▸ **INFORMATION GIVEN**
━━━
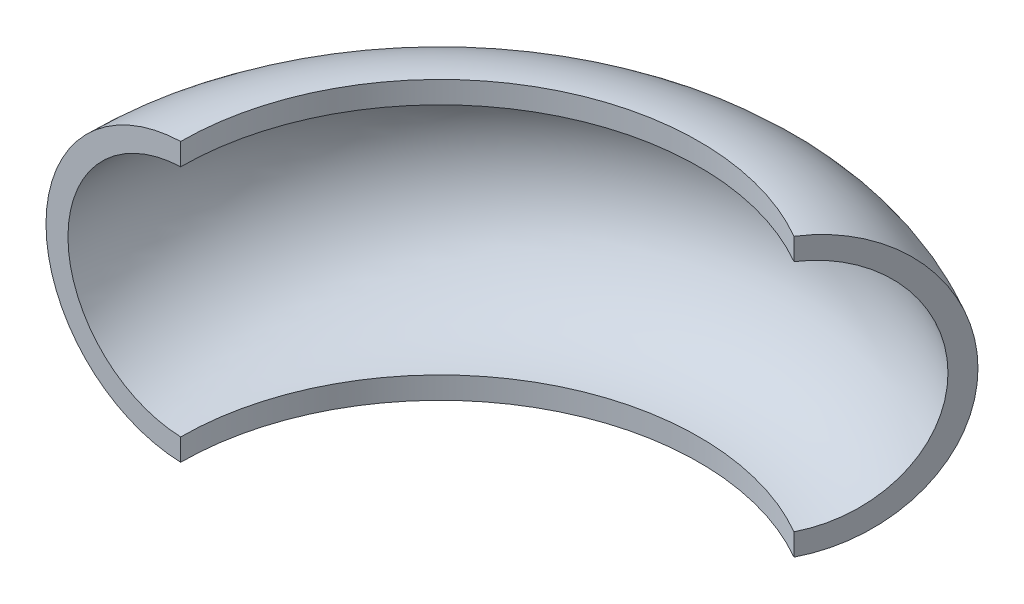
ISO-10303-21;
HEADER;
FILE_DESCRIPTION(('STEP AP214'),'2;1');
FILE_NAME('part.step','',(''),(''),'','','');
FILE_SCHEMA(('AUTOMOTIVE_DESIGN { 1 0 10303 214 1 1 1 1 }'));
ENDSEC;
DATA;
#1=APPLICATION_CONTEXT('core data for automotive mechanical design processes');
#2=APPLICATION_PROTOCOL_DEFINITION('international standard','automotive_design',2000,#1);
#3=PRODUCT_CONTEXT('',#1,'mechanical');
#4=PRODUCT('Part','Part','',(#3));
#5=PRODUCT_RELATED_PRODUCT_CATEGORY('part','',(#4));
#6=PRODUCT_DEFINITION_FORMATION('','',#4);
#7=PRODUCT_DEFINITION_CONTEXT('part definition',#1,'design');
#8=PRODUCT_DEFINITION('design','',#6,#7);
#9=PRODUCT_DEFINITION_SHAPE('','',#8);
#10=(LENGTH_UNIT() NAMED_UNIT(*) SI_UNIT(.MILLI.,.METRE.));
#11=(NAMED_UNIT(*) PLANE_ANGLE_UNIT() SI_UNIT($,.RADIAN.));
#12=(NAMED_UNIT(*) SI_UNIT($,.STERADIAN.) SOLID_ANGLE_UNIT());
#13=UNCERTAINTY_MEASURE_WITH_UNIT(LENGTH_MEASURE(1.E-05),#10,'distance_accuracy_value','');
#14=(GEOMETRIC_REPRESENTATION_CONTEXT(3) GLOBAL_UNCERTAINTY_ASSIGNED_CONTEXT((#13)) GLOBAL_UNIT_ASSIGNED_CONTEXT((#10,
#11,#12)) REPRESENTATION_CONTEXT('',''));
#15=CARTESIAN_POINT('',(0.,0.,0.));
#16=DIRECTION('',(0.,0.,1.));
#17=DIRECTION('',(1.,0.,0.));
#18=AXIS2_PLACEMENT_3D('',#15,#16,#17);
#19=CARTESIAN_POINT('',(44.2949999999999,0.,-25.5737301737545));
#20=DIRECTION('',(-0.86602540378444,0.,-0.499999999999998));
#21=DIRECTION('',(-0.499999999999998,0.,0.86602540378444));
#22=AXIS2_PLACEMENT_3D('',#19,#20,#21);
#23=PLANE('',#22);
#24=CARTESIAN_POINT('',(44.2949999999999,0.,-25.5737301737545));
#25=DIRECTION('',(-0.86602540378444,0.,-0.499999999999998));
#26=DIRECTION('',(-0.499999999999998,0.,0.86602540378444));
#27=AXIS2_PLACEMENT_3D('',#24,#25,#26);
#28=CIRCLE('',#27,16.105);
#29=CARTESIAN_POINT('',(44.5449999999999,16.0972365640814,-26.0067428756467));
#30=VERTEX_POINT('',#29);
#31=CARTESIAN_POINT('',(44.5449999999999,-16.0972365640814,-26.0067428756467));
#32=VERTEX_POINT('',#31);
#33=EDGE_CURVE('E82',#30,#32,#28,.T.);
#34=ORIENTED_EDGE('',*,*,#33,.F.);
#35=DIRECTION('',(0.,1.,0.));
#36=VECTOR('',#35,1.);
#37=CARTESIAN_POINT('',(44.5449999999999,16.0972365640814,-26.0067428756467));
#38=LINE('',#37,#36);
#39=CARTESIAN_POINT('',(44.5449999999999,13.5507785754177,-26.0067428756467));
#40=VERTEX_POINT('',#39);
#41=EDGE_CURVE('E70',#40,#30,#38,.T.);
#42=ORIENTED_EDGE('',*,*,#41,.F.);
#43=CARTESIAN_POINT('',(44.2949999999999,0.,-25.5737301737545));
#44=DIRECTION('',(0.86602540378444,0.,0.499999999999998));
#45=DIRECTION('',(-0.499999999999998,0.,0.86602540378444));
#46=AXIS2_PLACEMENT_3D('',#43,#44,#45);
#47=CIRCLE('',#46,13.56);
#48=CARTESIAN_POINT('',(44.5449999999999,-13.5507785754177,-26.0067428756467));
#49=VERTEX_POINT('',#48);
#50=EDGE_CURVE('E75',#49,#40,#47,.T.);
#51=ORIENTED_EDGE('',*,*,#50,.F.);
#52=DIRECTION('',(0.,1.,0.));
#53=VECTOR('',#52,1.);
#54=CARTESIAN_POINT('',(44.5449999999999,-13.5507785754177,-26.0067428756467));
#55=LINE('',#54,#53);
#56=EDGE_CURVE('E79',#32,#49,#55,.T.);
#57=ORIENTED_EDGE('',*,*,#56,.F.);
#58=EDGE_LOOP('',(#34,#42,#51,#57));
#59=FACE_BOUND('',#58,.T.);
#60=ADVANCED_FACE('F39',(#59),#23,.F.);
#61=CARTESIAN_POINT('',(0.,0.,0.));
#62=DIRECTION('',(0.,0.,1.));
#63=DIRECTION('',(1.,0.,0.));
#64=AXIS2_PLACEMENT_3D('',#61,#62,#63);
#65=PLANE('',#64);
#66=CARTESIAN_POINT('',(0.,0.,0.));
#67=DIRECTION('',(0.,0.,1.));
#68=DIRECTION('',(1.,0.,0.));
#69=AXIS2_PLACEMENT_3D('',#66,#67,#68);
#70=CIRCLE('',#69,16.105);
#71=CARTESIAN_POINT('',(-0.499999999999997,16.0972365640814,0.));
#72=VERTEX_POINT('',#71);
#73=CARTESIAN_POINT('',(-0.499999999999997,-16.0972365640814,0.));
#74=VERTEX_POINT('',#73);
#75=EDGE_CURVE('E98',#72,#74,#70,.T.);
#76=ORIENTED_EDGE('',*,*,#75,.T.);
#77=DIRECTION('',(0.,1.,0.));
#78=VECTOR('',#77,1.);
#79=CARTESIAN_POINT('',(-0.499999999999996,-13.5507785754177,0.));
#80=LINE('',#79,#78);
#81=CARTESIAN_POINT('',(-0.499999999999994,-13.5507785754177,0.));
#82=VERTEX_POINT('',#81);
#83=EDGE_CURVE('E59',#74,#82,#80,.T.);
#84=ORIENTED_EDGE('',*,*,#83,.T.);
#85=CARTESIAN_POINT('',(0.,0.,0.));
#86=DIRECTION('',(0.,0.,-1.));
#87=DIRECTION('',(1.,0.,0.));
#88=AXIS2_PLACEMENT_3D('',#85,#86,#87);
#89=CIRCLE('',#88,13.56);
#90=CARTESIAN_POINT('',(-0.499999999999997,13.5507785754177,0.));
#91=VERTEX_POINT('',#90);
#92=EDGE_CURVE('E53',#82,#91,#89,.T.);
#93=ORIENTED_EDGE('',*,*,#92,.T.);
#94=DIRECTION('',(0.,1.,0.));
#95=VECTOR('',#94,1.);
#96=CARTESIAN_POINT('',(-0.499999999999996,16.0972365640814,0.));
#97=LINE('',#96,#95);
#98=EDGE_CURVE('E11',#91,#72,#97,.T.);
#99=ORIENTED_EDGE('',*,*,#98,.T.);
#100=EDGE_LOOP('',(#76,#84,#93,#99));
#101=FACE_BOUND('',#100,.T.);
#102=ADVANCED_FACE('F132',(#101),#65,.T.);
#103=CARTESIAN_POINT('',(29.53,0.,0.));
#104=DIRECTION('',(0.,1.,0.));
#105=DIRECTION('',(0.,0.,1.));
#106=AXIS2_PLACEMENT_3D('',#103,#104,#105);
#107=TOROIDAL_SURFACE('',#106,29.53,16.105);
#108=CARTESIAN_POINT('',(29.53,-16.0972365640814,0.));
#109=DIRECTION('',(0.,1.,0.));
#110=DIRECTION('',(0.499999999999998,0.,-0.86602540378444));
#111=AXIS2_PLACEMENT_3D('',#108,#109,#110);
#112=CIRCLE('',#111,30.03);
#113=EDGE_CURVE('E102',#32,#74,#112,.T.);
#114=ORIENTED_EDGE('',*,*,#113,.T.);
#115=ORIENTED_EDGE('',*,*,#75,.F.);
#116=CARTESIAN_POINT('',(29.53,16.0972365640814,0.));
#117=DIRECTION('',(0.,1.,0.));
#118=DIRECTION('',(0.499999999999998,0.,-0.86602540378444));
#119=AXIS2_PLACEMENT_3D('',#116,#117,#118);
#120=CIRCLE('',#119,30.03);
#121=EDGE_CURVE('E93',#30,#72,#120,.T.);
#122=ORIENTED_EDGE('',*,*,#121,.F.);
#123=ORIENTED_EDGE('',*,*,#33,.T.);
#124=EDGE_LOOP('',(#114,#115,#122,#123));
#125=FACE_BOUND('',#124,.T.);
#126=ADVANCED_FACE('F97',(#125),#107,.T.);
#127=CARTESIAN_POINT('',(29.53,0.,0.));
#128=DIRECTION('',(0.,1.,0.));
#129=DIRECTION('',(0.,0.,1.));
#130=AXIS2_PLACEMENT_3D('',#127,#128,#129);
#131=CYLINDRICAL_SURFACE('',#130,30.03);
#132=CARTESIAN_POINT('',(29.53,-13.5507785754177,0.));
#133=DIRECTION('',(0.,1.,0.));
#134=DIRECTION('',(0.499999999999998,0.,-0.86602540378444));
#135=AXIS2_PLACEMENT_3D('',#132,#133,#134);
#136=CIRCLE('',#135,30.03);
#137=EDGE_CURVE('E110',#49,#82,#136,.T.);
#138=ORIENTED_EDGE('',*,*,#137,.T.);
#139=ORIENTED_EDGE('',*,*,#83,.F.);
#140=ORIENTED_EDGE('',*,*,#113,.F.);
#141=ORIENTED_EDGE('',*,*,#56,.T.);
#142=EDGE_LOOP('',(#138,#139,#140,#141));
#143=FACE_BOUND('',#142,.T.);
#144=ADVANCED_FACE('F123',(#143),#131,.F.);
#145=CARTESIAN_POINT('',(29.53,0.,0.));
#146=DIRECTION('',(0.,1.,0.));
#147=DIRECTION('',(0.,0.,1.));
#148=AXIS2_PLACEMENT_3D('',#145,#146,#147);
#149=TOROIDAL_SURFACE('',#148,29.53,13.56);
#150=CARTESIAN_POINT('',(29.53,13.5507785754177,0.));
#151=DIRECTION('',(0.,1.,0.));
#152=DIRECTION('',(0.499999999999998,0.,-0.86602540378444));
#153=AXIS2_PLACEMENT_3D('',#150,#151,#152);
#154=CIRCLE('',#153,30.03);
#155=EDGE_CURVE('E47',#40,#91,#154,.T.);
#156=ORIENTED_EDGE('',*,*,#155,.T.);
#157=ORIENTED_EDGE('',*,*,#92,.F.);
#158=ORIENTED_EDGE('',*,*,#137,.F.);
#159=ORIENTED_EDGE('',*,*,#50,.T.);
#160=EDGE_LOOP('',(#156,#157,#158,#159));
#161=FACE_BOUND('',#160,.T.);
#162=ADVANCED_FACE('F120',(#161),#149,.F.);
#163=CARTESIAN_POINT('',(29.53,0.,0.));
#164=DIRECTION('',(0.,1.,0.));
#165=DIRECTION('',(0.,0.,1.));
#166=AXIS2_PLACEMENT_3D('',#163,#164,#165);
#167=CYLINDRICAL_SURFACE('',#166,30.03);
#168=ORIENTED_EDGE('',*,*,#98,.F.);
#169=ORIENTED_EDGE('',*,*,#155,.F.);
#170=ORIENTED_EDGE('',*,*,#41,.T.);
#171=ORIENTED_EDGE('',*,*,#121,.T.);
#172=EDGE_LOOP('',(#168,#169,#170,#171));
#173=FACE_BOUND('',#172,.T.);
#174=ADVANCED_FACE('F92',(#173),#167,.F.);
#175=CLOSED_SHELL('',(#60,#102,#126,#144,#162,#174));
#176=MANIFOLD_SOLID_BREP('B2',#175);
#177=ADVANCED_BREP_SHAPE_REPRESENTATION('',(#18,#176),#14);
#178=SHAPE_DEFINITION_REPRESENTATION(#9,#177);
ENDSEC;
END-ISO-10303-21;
━━━
▸ **TASK REQUIREMENTS**
Using the listing above, return word for word each line from the one that has "#124=EDGE_LOOP('',(#114,#115,#122,#123));" through the one that has "#136=CIRCLE('',#135,30.03);", and no line outside that range.

▸ **SOLUTION TO THIS PROBLEM**
#124=EDGE_LOOP('',(#114,#115,#122,#123));
#125=FACE_BOUND('',#124,.T.);
#126=ADVANCED_FACE('F97',(#125),#107,.T.);
#127=CARTESIAN_POINT('',(29.53,0.,0.));
#128=DIRECTION('',(0.,1.,0.));
#129=DIRECTION('',(0.,0.,1.));
#130=AXIS2_PLACEMENT_3D('',#127,#128,#129);
#131=CYLINDRICAL_SURFACE('',#130,30.03);
#132=CARTESIAN_POINT('',(29.53,-13.5507785754177,0.));
#133=DIRECTION('',(0.,1.,0.));
#134=DIRECTION('',(0.499999999999998,0.,-0.86602540378444));
#135=AXIS2_PLACEMENT_3D('',#132,#133,#134);
#136=CIRCLE('',#135,30.03);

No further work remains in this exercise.